(Stored entries)
Start of Block
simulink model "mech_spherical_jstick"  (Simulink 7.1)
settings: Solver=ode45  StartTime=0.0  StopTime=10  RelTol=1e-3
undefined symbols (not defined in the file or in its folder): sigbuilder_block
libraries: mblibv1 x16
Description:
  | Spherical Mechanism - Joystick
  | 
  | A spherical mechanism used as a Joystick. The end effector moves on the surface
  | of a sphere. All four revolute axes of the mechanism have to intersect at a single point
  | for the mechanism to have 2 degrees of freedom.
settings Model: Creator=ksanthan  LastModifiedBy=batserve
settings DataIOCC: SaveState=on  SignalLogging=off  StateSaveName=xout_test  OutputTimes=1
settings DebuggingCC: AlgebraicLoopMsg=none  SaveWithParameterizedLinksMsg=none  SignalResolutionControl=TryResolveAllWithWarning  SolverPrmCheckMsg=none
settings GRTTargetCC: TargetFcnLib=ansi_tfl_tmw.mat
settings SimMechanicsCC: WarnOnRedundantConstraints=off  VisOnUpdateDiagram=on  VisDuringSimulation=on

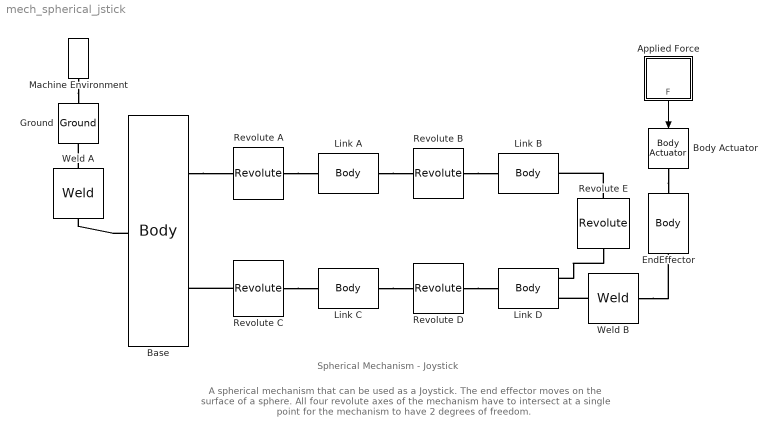
== system mech_spherical_jstick ==
  note: Spherical Mechanism - Joystick
  note: A spherical mechanism that can be used as a Joystick. The end effector moves on the surface
      | of a sphere. All four revolute axes of the mechanism have to intersect at a single point
      | for the mechanism to have 2 degrees of freedom.
  Applied Force : Subsystem  Orientation=down
  Base : mblibv1/Bodies/Body  DialogController=MECH.DynMechDlgSource  PhysicalDomain=mechanical  SubClassName=Unknown  LeftPortType=workingframe  RightPortType=workingframe  LConnTagsString=CS1  RConnTagsString=CS3|CS2  DialogClass=MechanicalBodyBlock  Mass=0.04352  MassUnits=kg  InertiaUnits=kg*m^2  Inertia=[1.5218e-005 -1.1294e-022 0;-1.1294e-022 3.1625e-005 2.8234e-022;0 2.8234e-022 1.7132e-005]  Shape=Joystick10102006_1 - Base-1  ShapeDims=[1 1]  ShapeUnits=m  ShapeUse=false  Density=1  DensityUnits=kg/m^3  DensityUse=false  GraphicsMode=1  BodyColor=[0.5 0.5 0.5]  GraphicsObj=[]  AttachedToCS=1  CG=Right$CG$[0.038 -0.003 -0.03]$WORLD$WORLD$m$[1 0 0;0 1 0;0 0 1]$3x3 Transform$rad$WORLD$false  WorkingFrames=Right$CS3$[-0.01 -0.003 -0.03]$WORLD$WORLD$m$[1 0 0;0 1 0;0 0 1]$3x3 Transform$rad$WORLD$true#Left$CS1$[0 0 0]$WORLD$WORLD$m$[1 0 0;0 1 0;0 0 1]$3x3 Transform$rad$WORLD$true#Right$CS2$[0.038 -0.003 -0.074]$WORLD$WORLD$m$[1 0 0;0 1 0;0 0 1]$3x3 Transform$rad$WORLD$true  CGPos=[0.038 -0.003 -0.03]  CGRot=[1 0 0;0 1 0;0 0 1]  CS0Pos=[]  CS0Rot=[]  CS1Pos=[0 0 0]  CS1Rot=[1 0 0;0 1 0;0 0 1]  CS2Pos=[0.038 -0.003 -0.074]  CS2Rot=[1 0 0;0 1 0;0 0 1]  CS3Pos=[-0.01 -0.003 -0.03]  CS3Rot=[1 0 0;0 1 0;0 0 1]  CS4Pos=[]  CS4Rot=[]  CS5Pos=[]  CS5Rot=[]  CS6Pos=[]  CS6Rot=[]  CS7Pos=[]  CS7Rot=[]  CS8Pos=[]  CS8Rot=[]  CS9Pos=[]  CS9Rot=[]  CS10Pos=[]  CS10Rot=[]  CS11Pos=[]  CS11Rot=[]  CS12Pos=[]  CS12Rot=[]  CS13Pos=[]  CS13Rot=[]  CS14Pos=[]  CS14Rot=[]  CS15Pos=[]  CS15Rot=[]  CS16Pos=[]  CS16Rot=[]  CS17Pos=[]  CS17Rot=[]  CS18Pos=[]  CS18Rot=[]  CS19Pos=[]  CS19Rot=[]  CS20Pos=[]  CS20Rot=[]
  Body Actuator : mblibv1/Sensors &  Actuators/Body Actuator  Orientation=down  DialogController=MECH.DynMechDlgSource  SystemSampleTime=-1  PhysicalDomain=Mechanical  PortType=blob  ActuationStyle=Force  AngleUnits=deg  ArcVelocityUnits=deg/s  ArcAccelerationUnits=deg/s^2  CoordPositionUnits=m  VelocityUnits=m/s  AccelerationUnits=m/s^2  ForceUnits=N  TorqueUnits=N*m  ActiveIO=on  Width=3  DialogClass=MechanicalActuatorBlock  ReferenceFrame=Absolute (World)  Angle=off  CoordPosition=on  Force=on  Torque=off
  EndEffector : mblibv1/Bodies/Body  Orientation=up  DialogController=MECH.DynMechDlgSource  PhysicalDomain=mechanical  SubClassName=Unknown  LeftPortType=workingframe  RightPortType=workingframe  LConnTagsString=CS2  RConnTagsString=CS1  DialogClass=MechanicalBodyBlock  Mass=0.00032  MassUnits=kg  InertiaUnits=kg*m^2  Inertia=[1.1093e-008 -3.0831e-026 -1.3169e-025;-3.0831e-026 1.1093e-008 0;-1.3169e-025 0 8.5333e-010]  Shape=Joystick10102006_1 - EndEffector-1  ShapeDims=[1 1]  ShapeUnits=m  ShapeUse=false  Density=1  DensityUnits=kg/m^3  DensityUse=false  GraphicsMode=1  BodyColor=[0.5 0.5 0.5]  GraphicsObj=[]  AttachedToCS=1  CG=Left$CG$[0.017434 -0.028643 -0.064978]$WORLD$WORLD$m$[0.7801 -0.45592 -0.42845;-0.62565 -0.56848 -0.53423;0 0.68481 -0.72872]$3x3 Transform$rad$WORLD$false  WorkingFrames=Left$CS2$[0.024191 -0.023415 -0.059061]$WORLD$WORLD$m$[1 0 0;0 1 0;0 0 1]$3x3 Transform$rad$WORLD$true#Right$CS1$[0.012501 -0.031597 -0.073635]$WORLD$WORLD$m$[1 0 0;0 1 0;0 0 1]$3x3 Transform$rad$WORLD$true  CGPos=[0.017434 -0.028643 -0.064978]  CGRot=[0.7801 -0.45592 -0.42845;-0.62565 -0.56848 -0.53423;0 0.68481 -0.72872]  CS0Pos=[]  CS0Rot=[]  CS1Pos=[0.012501 -0.031597 -0.073635]  CS1Rot=[1 0 0;0 1 0;0 0 1]  CS2Pos=[0.024191 -0.023415 -0.059061]  CS2Rot=[1 0 0;0 1 0;0 0 1]  CS3Pos=[]  CS3Rot=[]  CS4Pos=[]  CS4Rot=[]  CS5Pos=[]  CS5Rot=[]  CS6Pos=[]  CS6Rot=[]  CS7Pos=[]  CS7Rot=[]  CS8Pos=[]  CS8Rot=[]  CS9Pos=[]  CS9Rot=[]  CS10Pos=[]  CS10Rot=[]  CS11Pos=[]  CS11Rot=[]  CS12Pos=[]  CS12Rot=[]  CS13Pos=[]  CS13Rot=[]  CS14Pos=[]  CS14Rot=[]  CS15Pos=[]  CS15Rot=[]  CS16Pos=[]  CS16Rot=[]  CS17Pos=[]  CS17Rot=[]  CS18Pos=[]  CS18Rot=[]  CS19Pos=[]  CS19Rot=[]  CS20Pos=[]  CS20Rot=[]
  Ground : mblibv1/Bodies/Ground  Orientation=down  DialogController=MECH.DynMechDlgSource  SystemSampleTime=-1  LeftPortType=env  RightPortType=workingframe  PhysicalDomain=Mechanical  DialogClass=GroundBlock  CoordPosition=[0 0 0]  CoordPositionUnits=m  StateVectorMgrId=-1  MachineId=[0 0]  ShowEnvPort=on
  Link A : mblibv1/Bodies/Body  DialogController=MECH.DynMechDlgSource  PhysicalDomain=mechanical  SubClassName=Unknown  LeftPortType=workingframe  RightPortType=workingframe  LConnTagsString=CS2  RConnTagsString=CS3  DialogClass=MechanicalBodyBlock  Mass=0.00095738  MassUnits=kg  InertiaUnits=kg*m^2  Inertia=[1.3208e-007 -1.1613e-007 -1.3908e-024;-1.1613e-007 1.3208e-007 6.2375e-024;-1.3908e-024 6.2375e-024 2.6156e-007]  Shape=Joystick10102006_1 - Part A-1  ShapeDims=[1 1]  ShapeUnits=m  ShapeUse=false  Density=1  DensityUnits=kg/m^3  DensityUse=false  GraphicsMode=1  BodyColor=[0.5 0.5 0.5]  GraphicsObj=[]  AttachedToCS=1  CG=Right$CG$[0.014939 -0.021598 -0.016366]$WORLD$WORLD$m$[1 0 0;0 -0.80649 -0.59124;0 0.59124 -0.80649]$3x3 Transform$rad$WORLD$false  WorkingFrames=Left$CS2$[-0.01 -0.003 -0.03]$WORLD$WORLD$m$[1 0 0;0 1 0;0 0 1]$3x3 Transform$rad$WORLD$true#Right$CS3$[0.038 -0.001387 -0.031182]$WORLD$WORLD$m$[1 0 0;0 1 0;0 0 1]$3x3 Transform$rad$WORLD$true#Right$CS1$[0.002 -0.001387 -0.031182]$WORLD$WORLD$m$[1 0 0;0 1 0;0 0 1]$3x3 Transform$rad$WORLD$false  CGPos=[0.014939 -0.021598 -0.016366]  CGRot=[1 0 0;0 -0.80649 -0.59124;0 0.59124 -0.80649]  CS0Pos=[]  CS0Rot=[]  CS1Pos=[0.002 -0.001387 -0.031182]  CS1Rot=[1 0 0;0 1 0;0 0 1]  CS2Pos=[-0.01 -0.003 -0.03]  CS2Rot=[1 0 0;0 1 0;0 0 1]  CS3Pos=[0.038 -0.001387 -0.031182]  CS3Rot=[1 0 0;0 1 0;0 0 1]  CS4Pos=[]  CS4Rot=[]  CS5Pos=[]  CS5Rot=[]  CS6Pos=[]  CS6Rot=[]  CS7Pos=[]  CS7Rot=[]  CS8Pos=[]  CS8Rot=[]  CS9Pos=[]  CS9Rot=[]  CS10Pos=[]  CS10Rot=[]  CS11Pos=[]  CS11Rot=[]  CS12Pos=[]  CS12Rot=[]  CS13Pos=[]  CS13Rot=[]  CS14Pos=[]  CS14Rot=[]  CS15Pos=[]  CS15Rot=[]  CS16Pos=[]  CS16Rot=[]  CS17Pos=[]  CS17Rot=[]  CS18Pos=[]  CS18Rot=[]  CS19Pos=[]  CS19Rot=[]  CS20Pos=[]  CS20Rot=[]
  Link B : mblibv1/Bodies/Body  DialogController=MECH.DynMechDlgSource  PhysicalDomain=mechanical  SubClassName=Unknown  LeftPortType=workingframe  RightPortType=workingframe  LConnTagsString=CS2  RConnTagsString=CS3  DialogClass=MechanicalBodyBlock  Mass=0.00085171  MassUnits=kg  InertiaUnits=kg*m^2  Inertia=[9.2815e-008 -8.161e-008 2.0937e-024;-8.161e-008 9.4305e-008 -2.2187e-024;2.0937e-024 -2.2187e-024 1.8479e-007]  Shape=Joystick10102006_1 - Part B-1  ShapeDims=[1 1]  ShapeUnits=m  ShapeUse=false  Density=1  DensityUnits=kg/m^3  DensityUse=false  GraphicsMode=1  BodyColor=[0.5 0.5 0.5]  GraphicsObj=[]  AttachedToCS=1  CG=Right$CG$[0.029159 -0.03051 -0.032951]$WORLD$WORLD$m$[0 -0.42845 -0.90356;0.80649 -0.53423 0.25332;-0.59124 -0.72872 0.34554]$3x3 Transform$rad$WORLD$false  WorkingFrames=Left$CS2$[0.038 -0.001387 -0.031182]$WORLD$WORLD$m$[1 0 0;0 1 0;0 0 1]$3x3 Transform$rad$WORLD$true#Right$CS3$[0.038857 -0.0019316 -0.028543]$WORLD$WORLD$m$[1 0 0;0 1 0;0 0 1]$3x3 Transform$rad$WORLD$true#Right$CS1$[0.038857 -0.027739 -0.0096228]$WORLD$WORLD$m$[1 0 0;0 1 0;0 0 1]$3x3 Transform$rad$WORLD$false  CGPos=[0.029159 -0.03051 -0.032951]  CGRot=[0 -0.42845 -0.90356;0.80649 -0.53423 0.25332;-0.59124 -0.72872 0.34554]  CS0Pos=[]  CS0Rot=[]  CS1Pos=[0.038857 -0.027739 -0.0096228]  CS1Rot=[1 0 0;0 1 0;0 0 1]  CS2Pos=[0.038 -0.001387 -0.031182]  CS2Rot=[1 0 0;0 1 0;0 0 1]  CS3Pos=[0.038857 -0.0019316 -0.028543]  CS3Rot=[1 0 0;0 1 0;0 0 1]  CS4Pos=[]  CS4Rot=[]  CS5Pos=[]  CS5Rot=[]  CS6Pos=[]  CS6Rot=[]  CS7Pos=[]  CS7Rot=[]  CS8Pos=[]  CS8Rot=[]  CS9Pos=[]  CS9Rot=[]  CS10Pos=[]  CS10Rot=[]  CS11Pos=[]  CS11Rot=[]  CS12Pos=[]  CS12Rot=[]  CS13Pos=[]  CS13Rot=[]  CS14Pos=[]  CS14Rot=[]  CS15Pos=[]  CS15Rot=[]  CS16Pos=[]  CS16Rot=[]  CS17Pos=[]  CS17Rot=[]  CS18Pos=[]  CS18Rot=[]  CS19Pos=[]  CS19Rot=[]  CS20Pos=[]  CS20Rot=[]
  Link C : mblibv1/Bodies/Body  Orientation=left  DialogController=MECH.DynMechDlgSource  PhysicalDomain=mechanical  SubClassName=Unknown  LeftPortType=workingframe  RightPortType=workingframe  LConnTagsString=CS2  RConnTagsString=CS3  DialogClass=MechanicalBodyBlock  Mass=0.00085171  MassUnits=kg  InertiaUnits=kg*m^2  Inertia=[9.2815e-008 -8.161e-008 2.0937e-024;-8.161e-008 9.4305e-008 -2.2187e-024;2.0937e-024 -2.2187e-024 1.8479e-007]  Shape=Joystick10102006_1 - Part B-2  ShapeDims=[1 1]  ShapeUnits=m  ShapeUse=false  Density=1  DensityUnits=kg/m^3  DensityUse=false  GraphicsMode=1  BodyColor=[0.5 0.5 0.5]  GraphicsObj=[]  AttachedToCS=1  CG=Right$CG$[0.054098 -0.015911 -0.050442]$WORLD$WORLD$m$[0 0.7801 0.62565;0 -0.62565 0.7801;1 0 0]$3x3 Transform$rad$WORLD$false  WorkingFrames=Left$CS2$[0.03644 -0.0017487 -0.03]$WORLD$WORLD$m$[1 0 0;0 1 0;0 0 1]$3x3 Transform$rad$WORLD$true#Right$CS3$[0.038 -0.003 -0.074]$WORLD$WORLD$m$[1 0 0;0 1 0;0 0 1]$3x3 Transform$rad$WORLD$true  CGPos=[0.054098 -0.015911 -0.050442]  CGRot=[0 0.7801 0.62565;0 -0.62565 0.7801;1 0 0]  CS0Pos=[]  CS0Rot=[]  CS1Pos=[]  CS1Rot=[]  CS2Pos=[0.03644 -0.0017487 -0.03]  CS2Rot=[1 0 0;0 1 0;0 0 1]  CS3Pos=[0.038 -0.003 -0.074]  CS3Rot=[1 0 0;0 1 0;0 0 1]  CS4Pos=[]  CS4Rot=[]  CS5Pos=[]  CS5Rot=[]  CS6Pos=[]  CS6Rot=[]  CS7Pos=[]  CS7Rot=[]  CS8Pos=[]  CS8Rot=[]  CS9Pos=[]  CS9Rot=[]  CS10Pos=[]  CS10Rot=[]  CS11Pos=[]  CS11Rot=[]  CS12Pos=[]  CS12Rot=[]  CS13Pos=[]  CS13Rot=[]  CS14Pos=[]  CS14Rot=[]  CS15Pos=[]  CS15Rot=[]  CS16Pos=[]  CS16Rot=[]  CS17Pos=[]  CS17Rot=[]  CS18Pos=[]  CS18Rot=[]  CS19Pos=[]  CS19Rot=[]  CS20Pos=[]  CS20Rot=[]
  Link D : mblibv1/Bodies/Body  Orientation=left  DialogController=MECH.DynMechDlgSource  PhysicalDomain=mechanical  SubClassName=Unknown  LeftPortType=workingframe  RightPortType=workingframe  LConnTagsString=CS2|CS4  RConnTagsString=CS3  DialogClass=MechanicalBodyBlock  Mass=0.00095738  MassUnits=kg  InertiaUnits=kg*m^2  Inertia=[1.3208e-007 -1.1613e-007 -9.1538e-025;-1.1613e-007 1.3208e-007 6.1622e-024;-9.1538e-025 6.1622e-024 2.6156e-007]  Shape=Joystick10102006_1 - Part A-2  ShapeDims=[1 1]  ShapeUnits=m  ShapeUse=false  Density=1  DensityUnits=kg/m^3  DensityUse=false  GraphicsMode=1  BodyColor=[0.5 0.5 0.5]  GraphicsObj=[]  AttachedToCS=1  CG=Right$CG$[0.046109 -0.029748 -0.046805]$WORLD$WORLD$m$[-0.7801 -0.42845 -0.45592;0.62565 -0.53423 -0.56848;0 -0.72872 0.68481]$3x3 Transform$rad$WORLD$false  WorkingFrames=Left$CS2$[0.038857 -0.0019316 -0.028543]$WORLD$WORLD$m$[1 0 0;0 1 0;0 0 1]$3x3 Transform$rad$WORLD$true#Right$CS3$[0.03644 -0.0017487 -0.03]$WORLD$WORLD$m$[1 0 0;0 1 0;0 0 1]$3x3 Transform$rad$WORLD$true#Left$CS4$[0.024191 -0.023415 -0.059061]$WORLD$WORLD$m$[1 0 0;0 1 0;0 0 1]$3x3 Transform$rad$WORLD$true  CGPos=[0.046109 -0.029748 -0.046805]  CGRot=[-0.7801 -0.42845 -0.45592;0.62565 -0.53423 -0.56848;0 -0.72872 0.68481]  CS0Pos=[]  CS0Rot=[]  CS1Pos=[]  CS1Rot=[]  CS2Pos=[0.038857 -0.0019316 -0.028543]  CS2Rot=[1 0 0;0 1 0;0 0 1]  CS3Pos=[0.03644 -0.0017487 -0.03]  CS3Rot=[1 0 0;0 1 0;0 0 1]  CS4Pos=[0.024191 -0.023415 -0.059061]  CS4Rot=[1 0 0;0 1 0;0 0 1]  CS5Pos=[]  CS5Rot=[]  CS6Pos=[]  CS6Rot=[]  CS7Pos=[]  CS7Rot=[]  CS8Pos=[]  CS8Rot=[]  CS9Pos=[]  CS9Rot=[]  CS10Pos=[]  CS10Rot=[]  CS11Pos=[]  CS11Rot=[]  CS12Pos=[]  CS12Rot=[]  CS13Pos=[]  CS13Rot=[]  CS14Pos=[]  CS14Rot=[]  CS15Pos=[]  CS15Rot=[]  CS16Pos=[]  CS16Rot=[]  CS17Pos=[]  CS17Rot=[]  CS18Pos=[]  CS18Rot=[]  CS19Pos=[]  CS19Rot=[]  CS20Pos=[]  CS20Rot=[]
  Machine Environment : mblibv1/Bodies/Machine Environment  Tag=Factory ground  Orientation=down  DialogController=MECH.DialogSource  SystemSampleTime=-1  PortType=env  PhysicalDomain=Mechanical  DialogTemplateClass=MECH.MachineEnvironment  SyncWhenCopied=off  Gravity=[0 0 0]  GravityUnits=m/s^2  GravityAsSignal=off  Dimensionality=Auto-detect  AnalysisType=Forward dynamics  LinearAssemblyTolerance=1e-3  LinearAssemblyToleranceUnits=m  AngularAssemblyTolerance=1e-3  AngularAssemblyToleranceUnits=rad  ConstraintSolverType=Stabilizing  ConstraintRelTolerance=1e-4  ConstraintAbsTolerance=1e-4  UseRobustSingularityHandling=off  RedundancyAnalysisToleranceType=Specify tolerance  RedundancyAnalysisTolerance=1e-6  StatePerturbationType=Fixed  PerturbationSize=1e-5  VisualizeMachine=on
  Revolute A : mblibv1/Joints/Revolute  DialogController=MECH.DynMechDlgSource  PhysicalDomain=mechanical  SubClassName=Unknown  LeftPortType=blob  RightPortType=blob  LConnTagsString=__newl0  RConnTagsString=__newr0  NumSAPorts=0  CutJoint=off  MarkAsCut=off  Primitives=prismatic  PrimitiveProps=R1$World$[1 0 0]$revolute  DialogClass=JointBlock  R1Axis=[1 0 0]
  Revolute B : mblibv1/Joints/Revolute  DialogController=MECH.DynMechDlgSource  PhysicalDomain=mechanical  SubClassName=Unknown  LeftPortType=blob  RightPortType=blob  LConnTagsString=__newl0  RConnTagsString=__newr0  NumSAPorts=0  CutJoint=on  MarkAsCut=off  Primitives=prismatic  PrimitiveProps=R1$World$[0 -0.80649 0.59124]$revolute  DialogClass=JointBlock  R1Axis=[0 -0.80649 0.59124]
  Revolute C : mblibv1/Joints/Revolute  DialogController=MECH.DynMechDlgSource  PhysicalDomain=mechanical  SubClassName=Unknown  LeftPortType=blob  RightPortType=blob  LConnTagsString=__newl0  RConnTagsString=__newr0  NumSAPorts=0  CutJoint=off  MarkAsCut=off  Primitives=prismatic  PrimitiveProps=R1$World$[0 0 1]$revolute  DialogClass=JointBlock  R1Axis=[0 0 1]
  Revolute D : mblibv1/Joints/Revolute  Orientation=left  DialogController=MECH.DynMechDlgSource  PhysicalDomain=mechanical  SubClassName=Unknown  LeftPortType=blob  RightPortType=blob  LConnTagsString=__newl0  RConnTagsString=__newr0  NumSAPorts=0  CutJoint=off  MarkAsCut=off  Primitives=prismatic  PrimitiveProps=R1$World$[0.7801 -0.62565 0]$revolute  DialogClass=JointBlock  R1Axis=[0.7801 -0.62565 0]
  Revolute E : mblibv1/Joints/Revolute  Orientation=down  DialogController=MECH.DynMechDlgSource  PhysicalDomain=mechanical  SubClassName=Unknown  LeftPortType=blob  RightPortType=blob  LConnTagsString=__newl0  RConnTagsString=__newr0  NumSAPorts=0  CutJoint=off  MarkAsCut=off  Primitives=prismatic  PrimitiveProps=R1$World$[-0.42845 -0.53423 -0.72872]$revolute  DialogClass=JointBlock  R1Axis=[-0.42845 -0.53423 -0.72872]
  Weld A : mblibv1/Joints/Weld  Orientation=down  DialogController=MECH.DynMechDlgSource  PhysicalDomain=mechanical  SubClassName=Unknown  LeftPortType=blob  RightPortType=blob  LConnTagsString=__newl0  RConnTagsString=__newr0  NumSAPorts=0  CutJoint=off  MarkAsCut=off  Primitives=weld  PrimitiveProps=W$WORLD$[0 0 0]$weld  DialogClass=JointBlock  WAxis=[0 0 0]
  Weld B : mblibv1/Joints/Weld  DialogController=MECH.DynMechDlgSource  PhysicalDomain=mechanical  SubClassName=Unknown  LeftPortType=blob  RightPortType=blob  LConnTagsString=__newl0  RConnTagsString=__newr0  NumSAPorts=0  CutJoint=off  MarkAsCut=off  Primitives=weld  PrimitiveProps=W$WORLD$[1 1 1]$weld  DialogClass=JointBlock  WAxis=[1 1 1]
  wires:
  Applied Force/1(F) -> Body Actuator/1
  connections:
  Revolute C/LConn1 -- Base/RConn2
  Revolute A/RConn1 -- Link A/LConn1
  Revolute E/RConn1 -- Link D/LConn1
End of Block
**AIM OF THE TASK**
With the line that has "Revolute C : mblibv1/Joints/Revolute" as the first and the line that has "Revolute D : mblibv1/Joints/Revolute" as the last, repeat exactly that run of lines above and no more.

**SOLUTION TO THIS EXERCISE**
  Revolute C : mblibv1/Joints/Revolute  DialogController=MECH.DynMechDlgSource  PhysicalDomain=mechanical  SubClassName=Unknown  LeftPortType=blob  RightPortType=blob  LConnTagsString=__newl0  RConnTagsString=__newr0  NumSAPorts=0  CutJoint=off  MarkAsCut=off  Primitives=prismatic  PrimitiveProps=R1$World$[0 0 1]$revolute  DialogClass=JointBlock  R1Axis=[0 0 1]
  Revolute D : mblibv1/Joints/Revolute  Orientation=left  DialogController=MECH.DynMechDlgSource  PhysicalDomain=mechanical  SubClassName=Unknown  LeftPortType=blob  RightPortType=blob  LConnTagsString=__newl0  RConnTagsString=__newr0  NumSAPorts=0  CutJoint=off  MarkAsCut=off  Primitives=prismatic  PrimitiveProps=R1$World$[0.7801 -0.62565 0]$revolute  DialogClass=JointBlock  R1Axis=[0.7801 -0.62565 0]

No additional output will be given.